Stored items
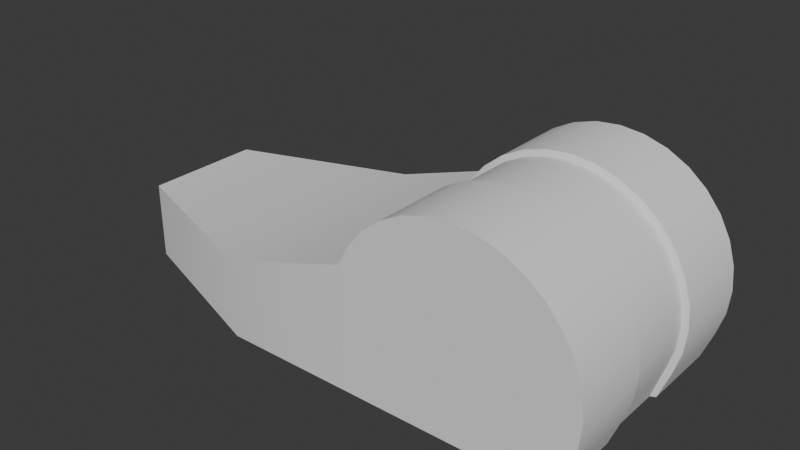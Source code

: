 # Source: 3DModeling.blend  (saved by Blender 4.2.66; exported with 4.5.12 LTS)
import bpy
from mathutils import Matrix  # noqa: F401  (used for matrix-valued properties, if any)

bpy.ops.wm.read_factory_settings(use_empty=True)
scene = bpy.context.scene
scene.name = 'Scene'

# ---- collections
col_collection = bpy.data.collections.new('Collection'); scene.collection.children.link(col_collection)

# ---- node groups
ng_smooth_by_angle = bpy.data.node_groups.new('Smooth by Angle', 'GeometryNodeTree')
_s = ng_smooth_by_angle.interface.new_socket(name='Mesh', in_out='OUTPUT', socket_type='NodeSocketGeometry')
_s = ng_smooth_by_angle.interface.new_socket(name='Mesh', in_out='INPUT', socket_type='NodeSocketGeometry')
_s = ng_smooth_by_angle.interface.new_socket(name='Angle', in_out='INPUT', socket_type='NodeSocketFloat')
_s.subtype = 'ANGLE'
_s.default_value = 0.5236
_s.min_value = 0.0
_s.max_value = 3.142
_s.description = 'Maximum face angle for smooth edges'
_s = ng_smooth_by_angle.interface.new_socket(name='Ignore Sharpness', in_out='INPUT', socket_type='NodeSocketBool')
_s.force_non_field = True
ng_smooth_by_angle.description = 'Set the sharpness of mesh edges based on the angle between the neighboring faces'
ng_smooth_by_angle.is_modifier = True
_N = ng_smooth_by_angle.nodes; _L = ng_smooth_by_angle.links
n0 = _N.new('GeometryNodeSetShadeSmooth'); n0.name = 'Set Shade Smooth'; n0.location = (120, -80)
n0.domain = 'EDGE'
n1 = _N.new('GeometryNodeSetShadeSmooth'); n1.name = 'Set Shade Smooth.001'; n1.location = (300, -80)
n2 = _N.new('NodeGroupOutput'); n2.name = 'Group Output'; n2.location = (480, -80)
n3 = _N.new('GeometryNodeInputMeshEdgeAngle'); n3.name = 'Edge Angle'; n3.location = (-440, -240)
n4 = _N.new('NodeGroupInput'); n4.name = 'Group Input'; n4.location = (-80, -80)
n5 = _N.new('GeometryNodeInputEdgeSmooth'); n5.name = 'Is Edge Smooth'; n5.location = (-260, -120)
n6 = _N.new('GeometryNodeInputShadeSmooth'); n6.name = 'Is Shade Smooth'; n6.location = (-440, -397)
n7 = _N.new('FunctionNodeCompare'); n7.name = 'Compare'; n7.location = (-260, -260)
n7.operation = 'LESS_EQUAL'
n7.inputs[6].default_value = (0.0, 0.0, 0.0, 0.0)
n7.inputs[7].default_value = (0.0, 0.0, 0.0, 0.0)
n8 = _N.new('FunctionNodeBooleanMath'); n8.name = 'Boolean Math.001'; n8.location = (-80, -260)
n9 = _N.new('NodeGroupInput'); n9.name = 'Group Input.001'; n9.location = (-440, -329)
n10 = _N.new('NodeGroupInput'); n10.name = 'Group Input.002'; n10.location = (-259, -189)
n11 = _N.new('FunctionNodeBooleanMath'); n11.name = 'Boolean Math'; n11.location = (-80, -149)
n11.operation = 'OR'
n12 = _N.new('FunctionNodeBooleanMath'); n12.name = 'Boolean Math.002'; n12.location = (-260, -380)
n12.operation = 'OR'
n13 = _N.new('NodeGroupInput'); n13.name = 'Group Input.003'; n13.location = (-440, -460)
_L.new(n3.outputs[0], n7.inputs[0])
_L.new(n1.outputs[0], n2.inputs[0])
_L.new(n9.outputs[1], n7.inputs[1])
_L.new(n7.outputs[0], n8.inputs[0])
_L.new(n4.outputs[0], n0.inputs[0])
_L.new(n0.outputs[0], n1.inputs[0])
_L.new(n8.outputs[0], n0.inputs[2])
_L.new(n10.outputs[2], n11.inputs[1])
_L.new(n5.outputs[0], n11.inputs[0])
_L.new(n11.outputs[0], n0.inputs[1])
_L.new(n13.outputs[2], n12.inputs[1])
_L.new(n6.outputs[0], n12.inputs[0])
_L.new(n12.outputs[0], n8.inputs[1])
n2.is_active_output = True

# ---- world
world_world = bpy.data.worlds.new('World'); scene.world = world_world
world_world.use_nodes = True; world_world.node_tree.nodes.clear()
_N = world_world.node_tree.nodes; _L = world_world.node_tree.links
n0 = _N.new('ShaderNodeOutputWorld'); n0.name = 'World Output'; n0.location = (300, 300)
n1 = _N.new('ShaderNodeBackground'); n1.name = 'Background'; n1.location = (10, 300)
n1.inputs[0].default_value = (0.05088, 0.05088, 0.05088, 1.0)
_L.new(n1.outputs[0], n0.inputs[0])
n0.is_active_output = True
world_world.color = (0.05088, 0.05088, 0.05088)
world_world.sun_shadow_jitter_overblur = 0.0

# ---- meshes
me_cube = bpy.data.meshes.new('Cube')
me_cube.from_pydata([(-1.0, -1.0, -1.0), (-1.0, -1.0, -0.3501), (-1.0, 1.0, -1.0), (-1.0, 1.0, -0.3501), (0.07612, -1.0, -1.0), (0.07612, -1.0, 0.003858), (0.07612, 1.0, -1.0), (0.07612, 1.0, 0.003858), (-2.441, 0.5, -1.0), (-2.441, -0.5, -1.0), (-2.441, -0.5, -0.3501), (-2.441, 0.5, -0.3501), (1.0, 1.0, 0.6212), (1.0, -1.0, 0.6212), (1.195, 1.0, 0.602), (1.195, -1.0, 0.602), (1.383, 1.0, 0.5451), (1.383, -1.0, 0.5451), (1.556, 1.0, 0.4526), (1.556, -1.0, 0.4526), (1.707, 1.0, 0.3283), (1.707, -1.0, 0.3283), (1.831, 1.0, 0.1767), (1.831, -1.0, 0.1767), (1.924, 1.0, 0.003858), (1.924, -1.0, 0.003857), (1.981, 1.0, -0.1837), (1.981, -1.0, -0.1837), (2.0, 1.0, -0.3788), (2.0, -1.0, -0.3788), (1.981, 1.0, -0.5739), (1.981, -1.0, -0.5739), (1.924, 1.0, -0.7615), (1.924, -1.0, -0.7615), (1.831, 1.0, -1.0), (1.831, -1.0, -1.0), (1.0, -1.0, -1.0), (0.8049, -1.0, -1.0), (0.07554, 1.0, -1.0), (0.07554, -1.0, -1.0), (0.07554, 1.0, -0.7615), (0.07554, -1.0, -0.7615), (0.07554, 1.0, -0.5739), (0.07554, -1.0, -0.5739), (0.07554, 1.0, -0.3788), (0.07554, -1.0, -0.3788), (0.07554, 1.0, -0.1837), (0.07554, -1.0, -0.1837), (0.07554, 1.0, 0.003858), (0.07554, -1.0, 0.003857), (0.1685, 1.0, 0.1767), (0.1685, -1.0, 0.1767), (0.2929, 1.0, 0.3283), (0.2929, -1.0, 0.3283), (0.4444, 1.0, 0.4526), (0.4444, -1.0, 0.4526), (0.6173, 1.0, 0.5451), (0.6173, -1.0, 0.5451), (0.8049, 1.0, 0.602), (0.8049, -1.0, 0.602), (1.0, 0.3333, 0.6212), (1.0, -0.3333, 0.6212), (1.195, -0.3333, 0.602), (1.195, 0.3333, 0.602), (1.383, -0.3333, 0.5451), (1.383, 0.3333, 0.5451), (1.556, -0.3333, 0.4526), (1.556, 0.3333, 0.4526), (1.707, -0.3333, 0.3283), (1.707, 0.3333, 0.3283), (1.831, -0.3333, 0.1767), (1.831, 0.3333, 0.1767), (1.924, -0.3333, 0.003857), (1.924, 0.3333, 0.003857), (1.981, -0.3333, -0.1837), (1.981, 0.3333, -0.1837), (2.0, -0.3333, -0.3788), (2.0, 0.3333, -0.3788), (1.981, -0.3333, -0.5739), (1.981, 0.3333, -0.5739), (1.924, -0.3333, -0.7615), (1.924, 0.3333, -0.7615), (1.831, -0.3333, -1.0), (1.831, 0.3333, -1.0), (0.07554, -0.3333, -1.0), (0.07554, 0.3333, -1.0), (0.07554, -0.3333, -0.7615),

▶ **TASK OBJECTIVE**
Every line in the records above that contains the word "Boolean" is to be copied out.

▶ **SOLUTION TO THIS TASK**
n8 = _N.new('FunctionNodeBooleanMath'); n8.name = 'Boolean Math.001'; n8.location = (-80, -260)
n11 = _N.new('FunctionNodeBooleanMath'); n11.name = 'Boolean Math'; n11.location = (-80, -149)
n12 = _N.new('FunctionNodeBooleanMath'); n12.name = 'Boolean Math.002'; n12.location = (-260, -380)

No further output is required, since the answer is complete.